[PROBLEM DESCRIPTION]:
Work through the data and say how many lines contain "name". The number alone is the answer.

===== EXTRACTED ENTRIES

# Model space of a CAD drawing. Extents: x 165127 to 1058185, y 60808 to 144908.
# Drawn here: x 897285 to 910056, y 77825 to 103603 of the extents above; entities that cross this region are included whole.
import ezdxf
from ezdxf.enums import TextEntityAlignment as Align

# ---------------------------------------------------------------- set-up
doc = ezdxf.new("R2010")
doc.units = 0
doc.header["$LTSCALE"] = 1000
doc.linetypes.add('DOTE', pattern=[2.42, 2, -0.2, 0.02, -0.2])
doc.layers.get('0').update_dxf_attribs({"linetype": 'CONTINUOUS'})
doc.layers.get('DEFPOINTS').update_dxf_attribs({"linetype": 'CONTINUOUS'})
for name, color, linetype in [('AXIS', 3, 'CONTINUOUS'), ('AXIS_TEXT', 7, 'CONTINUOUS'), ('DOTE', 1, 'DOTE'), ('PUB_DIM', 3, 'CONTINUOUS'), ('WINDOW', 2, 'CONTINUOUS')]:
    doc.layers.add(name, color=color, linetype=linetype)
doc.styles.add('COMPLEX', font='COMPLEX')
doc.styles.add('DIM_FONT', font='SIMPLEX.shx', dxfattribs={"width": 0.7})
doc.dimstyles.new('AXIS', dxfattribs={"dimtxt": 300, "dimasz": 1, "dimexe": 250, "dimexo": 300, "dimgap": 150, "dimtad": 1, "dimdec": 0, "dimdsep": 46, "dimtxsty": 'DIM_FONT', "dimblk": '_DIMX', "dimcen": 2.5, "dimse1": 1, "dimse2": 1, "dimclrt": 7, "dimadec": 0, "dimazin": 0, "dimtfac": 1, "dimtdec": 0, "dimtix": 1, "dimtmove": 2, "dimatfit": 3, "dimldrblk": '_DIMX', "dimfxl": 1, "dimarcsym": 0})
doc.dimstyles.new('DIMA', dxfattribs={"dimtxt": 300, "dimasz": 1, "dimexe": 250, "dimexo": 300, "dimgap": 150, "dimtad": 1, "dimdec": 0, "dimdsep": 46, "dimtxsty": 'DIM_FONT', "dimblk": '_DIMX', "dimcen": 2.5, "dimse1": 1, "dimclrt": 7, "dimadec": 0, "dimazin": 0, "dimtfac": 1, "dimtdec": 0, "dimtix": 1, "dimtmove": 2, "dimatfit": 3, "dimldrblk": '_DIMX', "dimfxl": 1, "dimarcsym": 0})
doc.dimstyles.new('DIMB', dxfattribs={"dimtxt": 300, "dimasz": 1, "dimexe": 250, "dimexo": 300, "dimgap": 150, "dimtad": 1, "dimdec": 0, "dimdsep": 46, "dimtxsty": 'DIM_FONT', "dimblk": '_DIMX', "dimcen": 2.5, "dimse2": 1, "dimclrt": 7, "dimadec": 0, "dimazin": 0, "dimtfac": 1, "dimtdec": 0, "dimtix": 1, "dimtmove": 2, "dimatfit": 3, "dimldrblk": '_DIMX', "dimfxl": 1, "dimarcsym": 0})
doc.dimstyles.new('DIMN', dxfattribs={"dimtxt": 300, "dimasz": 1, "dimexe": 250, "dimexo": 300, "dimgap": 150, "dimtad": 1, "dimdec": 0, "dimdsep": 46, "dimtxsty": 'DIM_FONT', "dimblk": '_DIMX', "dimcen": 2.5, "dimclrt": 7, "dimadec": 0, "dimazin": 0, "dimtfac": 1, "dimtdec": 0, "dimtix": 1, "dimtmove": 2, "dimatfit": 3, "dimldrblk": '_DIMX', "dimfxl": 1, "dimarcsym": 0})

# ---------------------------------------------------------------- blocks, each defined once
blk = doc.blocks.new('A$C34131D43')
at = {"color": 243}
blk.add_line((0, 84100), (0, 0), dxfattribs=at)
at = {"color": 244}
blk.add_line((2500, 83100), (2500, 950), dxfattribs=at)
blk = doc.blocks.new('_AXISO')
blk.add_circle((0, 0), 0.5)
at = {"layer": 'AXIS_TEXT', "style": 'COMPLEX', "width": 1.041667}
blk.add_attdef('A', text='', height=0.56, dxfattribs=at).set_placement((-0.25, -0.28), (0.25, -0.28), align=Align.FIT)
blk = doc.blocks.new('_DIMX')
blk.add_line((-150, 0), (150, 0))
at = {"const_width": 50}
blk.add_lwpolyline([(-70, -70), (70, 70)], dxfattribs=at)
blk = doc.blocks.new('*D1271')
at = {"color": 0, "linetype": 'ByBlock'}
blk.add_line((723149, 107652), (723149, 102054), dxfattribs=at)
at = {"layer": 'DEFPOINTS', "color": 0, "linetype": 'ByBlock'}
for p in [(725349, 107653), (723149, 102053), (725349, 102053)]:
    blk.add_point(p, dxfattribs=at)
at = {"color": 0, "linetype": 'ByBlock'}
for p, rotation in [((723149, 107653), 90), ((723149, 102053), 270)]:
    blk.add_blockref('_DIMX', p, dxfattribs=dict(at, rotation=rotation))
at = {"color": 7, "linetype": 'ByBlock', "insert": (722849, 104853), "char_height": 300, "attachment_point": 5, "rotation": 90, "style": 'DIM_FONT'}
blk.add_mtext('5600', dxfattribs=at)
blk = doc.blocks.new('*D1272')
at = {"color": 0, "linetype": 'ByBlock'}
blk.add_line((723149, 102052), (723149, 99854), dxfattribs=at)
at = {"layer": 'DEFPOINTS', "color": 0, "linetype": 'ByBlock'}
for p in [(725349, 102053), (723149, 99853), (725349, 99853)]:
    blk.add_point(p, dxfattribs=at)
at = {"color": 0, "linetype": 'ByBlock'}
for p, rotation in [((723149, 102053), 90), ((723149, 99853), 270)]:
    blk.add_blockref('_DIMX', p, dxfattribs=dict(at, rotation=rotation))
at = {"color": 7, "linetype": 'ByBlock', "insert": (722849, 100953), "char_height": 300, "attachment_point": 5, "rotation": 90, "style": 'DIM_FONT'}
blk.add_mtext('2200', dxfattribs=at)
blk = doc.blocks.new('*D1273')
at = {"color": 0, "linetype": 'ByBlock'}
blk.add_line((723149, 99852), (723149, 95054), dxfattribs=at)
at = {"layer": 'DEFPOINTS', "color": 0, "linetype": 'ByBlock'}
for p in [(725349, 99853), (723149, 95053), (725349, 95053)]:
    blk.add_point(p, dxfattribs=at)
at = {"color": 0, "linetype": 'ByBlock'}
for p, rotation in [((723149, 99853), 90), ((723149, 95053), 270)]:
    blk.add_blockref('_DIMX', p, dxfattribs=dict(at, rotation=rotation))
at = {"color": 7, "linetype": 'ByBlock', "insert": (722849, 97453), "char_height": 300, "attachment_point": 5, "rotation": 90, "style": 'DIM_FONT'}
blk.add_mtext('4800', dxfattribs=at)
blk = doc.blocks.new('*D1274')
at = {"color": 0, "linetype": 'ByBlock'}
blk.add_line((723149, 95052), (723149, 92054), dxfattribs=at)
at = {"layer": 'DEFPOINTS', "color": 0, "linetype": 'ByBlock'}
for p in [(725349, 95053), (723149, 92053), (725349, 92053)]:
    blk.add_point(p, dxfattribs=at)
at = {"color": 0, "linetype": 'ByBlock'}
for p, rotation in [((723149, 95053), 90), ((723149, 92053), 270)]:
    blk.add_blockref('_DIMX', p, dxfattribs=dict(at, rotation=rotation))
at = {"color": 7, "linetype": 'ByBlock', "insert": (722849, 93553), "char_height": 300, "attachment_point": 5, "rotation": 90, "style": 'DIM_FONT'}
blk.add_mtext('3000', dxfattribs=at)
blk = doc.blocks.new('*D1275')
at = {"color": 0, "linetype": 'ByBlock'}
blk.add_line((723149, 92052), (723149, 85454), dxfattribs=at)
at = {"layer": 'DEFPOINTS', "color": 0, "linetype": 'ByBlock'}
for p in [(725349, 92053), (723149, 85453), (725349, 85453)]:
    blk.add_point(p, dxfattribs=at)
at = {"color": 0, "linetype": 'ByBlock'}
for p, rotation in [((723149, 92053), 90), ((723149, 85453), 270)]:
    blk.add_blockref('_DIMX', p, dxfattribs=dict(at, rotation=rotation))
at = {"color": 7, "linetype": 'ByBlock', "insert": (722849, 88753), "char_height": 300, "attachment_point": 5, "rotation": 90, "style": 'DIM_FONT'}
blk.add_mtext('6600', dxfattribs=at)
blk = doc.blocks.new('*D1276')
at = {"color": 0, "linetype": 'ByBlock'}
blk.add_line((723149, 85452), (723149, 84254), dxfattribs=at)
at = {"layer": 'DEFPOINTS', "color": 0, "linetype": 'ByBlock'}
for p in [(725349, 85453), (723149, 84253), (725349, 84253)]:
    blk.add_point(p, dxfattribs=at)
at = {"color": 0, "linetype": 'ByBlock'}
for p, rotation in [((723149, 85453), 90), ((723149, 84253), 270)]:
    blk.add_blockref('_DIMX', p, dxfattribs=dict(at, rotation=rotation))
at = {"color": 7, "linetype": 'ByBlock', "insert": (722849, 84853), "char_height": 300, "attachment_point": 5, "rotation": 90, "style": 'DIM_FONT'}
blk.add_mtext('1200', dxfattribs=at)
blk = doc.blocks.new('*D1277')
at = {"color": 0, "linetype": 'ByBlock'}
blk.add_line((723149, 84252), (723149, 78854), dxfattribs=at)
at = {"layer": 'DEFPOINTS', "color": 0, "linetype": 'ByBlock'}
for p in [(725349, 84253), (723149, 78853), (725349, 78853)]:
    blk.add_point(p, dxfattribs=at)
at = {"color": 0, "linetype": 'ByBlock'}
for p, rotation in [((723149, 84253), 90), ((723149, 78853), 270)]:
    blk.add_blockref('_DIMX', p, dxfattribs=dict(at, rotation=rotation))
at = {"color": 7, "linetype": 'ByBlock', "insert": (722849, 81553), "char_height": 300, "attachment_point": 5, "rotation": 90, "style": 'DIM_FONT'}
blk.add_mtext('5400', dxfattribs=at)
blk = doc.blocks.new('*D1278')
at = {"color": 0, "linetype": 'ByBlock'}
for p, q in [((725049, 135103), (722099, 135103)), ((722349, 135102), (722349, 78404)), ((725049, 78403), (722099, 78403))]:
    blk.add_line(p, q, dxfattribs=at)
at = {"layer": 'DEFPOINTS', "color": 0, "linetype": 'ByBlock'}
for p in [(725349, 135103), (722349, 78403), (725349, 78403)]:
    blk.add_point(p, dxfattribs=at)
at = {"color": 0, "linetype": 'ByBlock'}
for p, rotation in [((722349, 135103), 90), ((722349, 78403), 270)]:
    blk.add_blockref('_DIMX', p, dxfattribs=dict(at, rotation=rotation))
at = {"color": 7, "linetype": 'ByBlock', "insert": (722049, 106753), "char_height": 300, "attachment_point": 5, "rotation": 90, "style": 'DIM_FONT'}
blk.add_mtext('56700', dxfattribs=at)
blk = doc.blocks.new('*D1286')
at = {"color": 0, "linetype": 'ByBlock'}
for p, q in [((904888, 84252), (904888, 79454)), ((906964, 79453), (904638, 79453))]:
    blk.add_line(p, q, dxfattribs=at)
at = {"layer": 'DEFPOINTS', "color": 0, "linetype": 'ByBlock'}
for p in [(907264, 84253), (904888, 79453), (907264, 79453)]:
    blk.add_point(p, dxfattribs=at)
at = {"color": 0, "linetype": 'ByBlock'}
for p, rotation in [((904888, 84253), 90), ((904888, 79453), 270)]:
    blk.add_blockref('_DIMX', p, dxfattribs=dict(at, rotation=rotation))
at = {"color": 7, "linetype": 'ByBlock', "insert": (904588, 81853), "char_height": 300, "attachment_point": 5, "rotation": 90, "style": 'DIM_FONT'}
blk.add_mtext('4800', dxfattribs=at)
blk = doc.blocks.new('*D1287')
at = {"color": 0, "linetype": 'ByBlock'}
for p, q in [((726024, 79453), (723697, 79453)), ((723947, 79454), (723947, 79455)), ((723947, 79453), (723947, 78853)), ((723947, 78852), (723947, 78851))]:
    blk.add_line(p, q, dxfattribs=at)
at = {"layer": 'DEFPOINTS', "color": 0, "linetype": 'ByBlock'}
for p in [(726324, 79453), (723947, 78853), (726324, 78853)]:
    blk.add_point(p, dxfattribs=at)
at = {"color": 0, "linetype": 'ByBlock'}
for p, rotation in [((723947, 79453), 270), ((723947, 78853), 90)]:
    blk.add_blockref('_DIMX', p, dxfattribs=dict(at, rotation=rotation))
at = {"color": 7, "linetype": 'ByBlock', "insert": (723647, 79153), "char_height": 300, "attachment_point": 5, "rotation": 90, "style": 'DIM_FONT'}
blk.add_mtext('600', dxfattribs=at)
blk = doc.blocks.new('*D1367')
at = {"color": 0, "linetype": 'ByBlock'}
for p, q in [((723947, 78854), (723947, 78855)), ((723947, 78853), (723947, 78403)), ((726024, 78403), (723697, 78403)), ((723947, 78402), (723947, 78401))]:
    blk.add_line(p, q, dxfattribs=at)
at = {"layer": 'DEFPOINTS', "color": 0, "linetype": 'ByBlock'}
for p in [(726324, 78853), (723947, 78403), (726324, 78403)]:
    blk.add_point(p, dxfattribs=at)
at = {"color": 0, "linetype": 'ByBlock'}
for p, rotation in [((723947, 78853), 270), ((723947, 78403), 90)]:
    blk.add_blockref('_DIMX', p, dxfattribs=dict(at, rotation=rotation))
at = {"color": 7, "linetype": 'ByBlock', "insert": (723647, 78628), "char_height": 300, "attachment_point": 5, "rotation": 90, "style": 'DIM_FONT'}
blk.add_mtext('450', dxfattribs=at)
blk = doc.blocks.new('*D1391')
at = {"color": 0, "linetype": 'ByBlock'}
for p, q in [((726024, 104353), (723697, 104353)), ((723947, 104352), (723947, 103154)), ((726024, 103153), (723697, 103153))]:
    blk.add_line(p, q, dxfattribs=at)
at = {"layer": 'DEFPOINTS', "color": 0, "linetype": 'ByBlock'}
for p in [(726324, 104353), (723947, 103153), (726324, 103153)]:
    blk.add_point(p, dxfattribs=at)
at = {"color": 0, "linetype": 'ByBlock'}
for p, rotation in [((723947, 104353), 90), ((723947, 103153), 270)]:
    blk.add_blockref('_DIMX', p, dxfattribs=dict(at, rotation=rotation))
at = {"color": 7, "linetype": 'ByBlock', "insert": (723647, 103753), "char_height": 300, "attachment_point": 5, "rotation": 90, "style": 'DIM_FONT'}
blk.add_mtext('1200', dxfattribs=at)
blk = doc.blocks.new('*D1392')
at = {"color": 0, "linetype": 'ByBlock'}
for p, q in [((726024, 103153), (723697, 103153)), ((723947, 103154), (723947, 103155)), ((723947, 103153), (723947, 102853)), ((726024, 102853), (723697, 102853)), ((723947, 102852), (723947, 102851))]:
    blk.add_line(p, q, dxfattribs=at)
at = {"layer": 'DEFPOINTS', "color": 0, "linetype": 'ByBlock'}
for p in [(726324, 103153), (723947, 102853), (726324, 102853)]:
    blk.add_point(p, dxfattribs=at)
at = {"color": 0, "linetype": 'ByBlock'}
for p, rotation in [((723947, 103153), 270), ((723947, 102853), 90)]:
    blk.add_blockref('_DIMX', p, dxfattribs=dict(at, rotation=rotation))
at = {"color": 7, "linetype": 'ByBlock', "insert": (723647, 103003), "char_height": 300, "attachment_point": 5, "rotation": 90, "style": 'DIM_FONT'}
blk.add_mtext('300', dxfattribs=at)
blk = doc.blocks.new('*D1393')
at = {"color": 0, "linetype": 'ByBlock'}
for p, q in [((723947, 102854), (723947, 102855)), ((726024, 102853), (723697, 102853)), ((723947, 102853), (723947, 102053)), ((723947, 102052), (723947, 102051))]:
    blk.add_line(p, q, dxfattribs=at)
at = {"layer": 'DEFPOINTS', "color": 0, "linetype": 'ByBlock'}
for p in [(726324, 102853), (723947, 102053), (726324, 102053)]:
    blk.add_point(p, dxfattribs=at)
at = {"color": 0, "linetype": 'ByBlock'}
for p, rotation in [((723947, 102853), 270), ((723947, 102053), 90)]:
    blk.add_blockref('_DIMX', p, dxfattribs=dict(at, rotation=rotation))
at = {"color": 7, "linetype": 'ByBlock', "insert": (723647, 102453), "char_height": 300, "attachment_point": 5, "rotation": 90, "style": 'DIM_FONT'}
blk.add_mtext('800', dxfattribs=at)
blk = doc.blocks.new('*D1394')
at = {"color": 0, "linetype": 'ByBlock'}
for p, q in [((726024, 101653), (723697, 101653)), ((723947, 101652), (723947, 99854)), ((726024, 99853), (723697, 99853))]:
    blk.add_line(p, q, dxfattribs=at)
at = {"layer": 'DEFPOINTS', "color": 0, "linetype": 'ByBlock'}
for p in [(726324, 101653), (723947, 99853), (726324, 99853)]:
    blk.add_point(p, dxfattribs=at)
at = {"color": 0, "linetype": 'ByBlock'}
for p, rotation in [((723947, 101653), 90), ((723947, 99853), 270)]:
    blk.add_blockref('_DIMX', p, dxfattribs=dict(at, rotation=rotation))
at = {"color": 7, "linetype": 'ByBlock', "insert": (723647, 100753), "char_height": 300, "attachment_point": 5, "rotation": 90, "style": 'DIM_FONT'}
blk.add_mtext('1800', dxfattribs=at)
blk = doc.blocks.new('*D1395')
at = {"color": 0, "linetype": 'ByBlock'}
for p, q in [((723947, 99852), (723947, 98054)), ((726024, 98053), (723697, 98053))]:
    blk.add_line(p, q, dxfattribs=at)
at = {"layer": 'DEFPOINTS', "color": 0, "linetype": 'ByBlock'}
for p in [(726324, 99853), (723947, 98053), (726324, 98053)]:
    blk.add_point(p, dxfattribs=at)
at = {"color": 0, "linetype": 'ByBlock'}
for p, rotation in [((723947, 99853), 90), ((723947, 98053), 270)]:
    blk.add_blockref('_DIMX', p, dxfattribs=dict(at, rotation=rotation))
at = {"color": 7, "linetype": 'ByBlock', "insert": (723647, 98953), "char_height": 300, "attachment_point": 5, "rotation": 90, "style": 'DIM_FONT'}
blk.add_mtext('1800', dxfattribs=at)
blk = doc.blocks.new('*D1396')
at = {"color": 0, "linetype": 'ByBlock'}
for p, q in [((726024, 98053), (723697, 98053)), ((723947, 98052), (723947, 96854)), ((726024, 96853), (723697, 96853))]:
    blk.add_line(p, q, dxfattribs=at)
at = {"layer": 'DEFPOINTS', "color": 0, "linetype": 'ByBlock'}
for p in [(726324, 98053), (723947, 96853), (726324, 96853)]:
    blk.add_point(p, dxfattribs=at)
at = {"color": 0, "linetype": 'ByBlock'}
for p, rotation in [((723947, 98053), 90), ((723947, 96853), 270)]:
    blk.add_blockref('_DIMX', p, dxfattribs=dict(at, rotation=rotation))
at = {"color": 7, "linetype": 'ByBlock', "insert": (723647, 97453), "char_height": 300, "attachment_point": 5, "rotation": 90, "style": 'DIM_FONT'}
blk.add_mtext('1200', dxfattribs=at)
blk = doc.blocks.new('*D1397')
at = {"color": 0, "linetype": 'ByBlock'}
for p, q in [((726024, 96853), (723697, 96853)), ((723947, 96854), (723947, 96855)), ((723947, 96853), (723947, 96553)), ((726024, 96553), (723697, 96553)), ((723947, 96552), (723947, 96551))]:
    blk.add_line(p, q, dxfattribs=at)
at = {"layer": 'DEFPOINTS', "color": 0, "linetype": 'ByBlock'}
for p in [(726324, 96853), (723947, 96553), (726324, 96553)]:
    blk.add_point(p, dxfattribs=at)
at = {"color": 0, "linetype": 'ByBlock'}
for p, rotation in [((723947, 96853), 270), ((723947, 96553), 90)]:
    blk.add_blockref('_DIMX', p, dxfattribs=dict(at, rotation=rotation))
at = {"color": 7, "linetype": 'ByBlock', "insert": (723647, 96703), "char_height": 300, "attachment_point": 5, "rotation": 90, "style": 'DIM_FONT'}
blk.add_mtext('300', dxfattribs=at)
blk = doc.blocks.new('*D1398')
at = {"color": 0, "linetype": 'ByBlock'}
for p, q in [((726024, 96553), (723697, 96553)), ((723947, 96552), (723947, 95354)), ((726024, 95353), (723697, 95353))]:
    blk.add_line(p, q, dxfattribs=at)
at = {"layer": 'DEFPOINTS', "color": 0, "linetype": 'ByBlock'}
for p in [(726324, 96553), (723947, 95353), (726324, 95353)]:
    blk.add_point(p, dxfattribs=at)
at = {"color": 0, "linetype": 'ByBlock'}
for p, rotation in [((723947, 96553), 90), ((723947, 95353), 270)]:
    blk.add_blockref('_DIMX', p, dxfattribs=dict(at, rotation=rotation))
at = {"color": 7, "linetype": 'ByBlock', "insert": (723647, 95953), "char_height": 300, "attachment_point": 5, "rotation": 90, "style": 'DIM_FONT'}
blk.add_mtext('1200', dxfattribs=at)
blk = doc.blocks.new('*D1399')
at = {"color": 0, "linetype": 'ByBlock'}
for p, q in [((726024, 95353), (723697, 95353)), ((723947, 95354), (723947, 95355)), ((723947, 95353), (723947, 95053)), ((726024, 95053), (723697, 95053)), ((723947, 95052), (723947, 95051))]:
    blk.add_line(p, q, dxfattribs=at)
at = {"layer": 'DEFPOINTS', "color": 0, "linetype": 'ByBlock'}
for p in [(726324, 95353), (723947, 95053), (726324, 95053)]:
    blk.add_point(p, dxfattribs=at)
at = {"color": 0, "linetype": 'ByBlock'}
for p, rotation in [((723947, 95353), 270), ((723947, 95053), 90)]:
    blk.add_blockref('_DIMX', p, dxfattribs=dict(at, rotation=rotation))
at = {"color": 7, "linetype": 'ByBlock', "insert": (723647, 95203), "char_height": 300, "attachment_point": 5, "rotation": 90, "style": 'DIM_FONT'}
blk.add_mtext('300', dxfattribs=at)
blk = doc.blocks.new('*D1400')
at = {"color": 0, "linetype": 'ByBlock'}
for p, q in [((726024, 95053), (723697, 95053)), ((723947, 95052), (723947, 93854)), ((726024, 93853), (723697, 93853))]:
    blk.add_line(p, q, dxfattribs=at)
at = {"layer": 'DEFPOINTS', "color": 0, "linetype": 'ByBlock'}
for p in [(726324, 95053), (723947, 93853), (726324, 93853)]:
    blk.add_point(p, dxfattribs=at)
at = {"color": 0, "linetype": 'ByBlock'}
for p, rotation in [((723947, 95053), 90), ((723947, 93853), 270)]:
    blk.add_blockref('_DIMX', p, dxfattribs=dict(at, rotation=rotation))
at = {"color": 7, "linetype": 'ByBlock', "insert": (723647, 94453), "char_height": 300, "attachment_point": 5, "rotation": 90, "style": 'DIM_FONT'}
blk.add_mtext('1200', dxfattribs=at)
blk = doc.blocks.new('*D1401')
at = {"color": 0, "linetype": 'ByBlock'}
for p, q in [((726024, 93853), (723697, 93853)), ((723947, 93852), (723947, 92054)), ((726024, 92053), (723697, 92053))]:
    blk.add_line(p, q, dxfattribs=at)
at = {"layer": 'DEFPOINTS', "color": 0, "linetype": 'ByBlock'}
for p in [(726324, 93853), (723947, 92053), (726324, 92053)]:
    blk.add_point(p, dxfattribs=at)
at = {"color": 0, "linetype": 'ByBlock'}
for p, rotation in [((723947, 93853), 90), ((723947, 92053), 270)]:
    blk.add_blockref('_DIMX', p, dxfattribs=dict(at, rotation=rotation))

==========

[RESPONSE AREA]:
2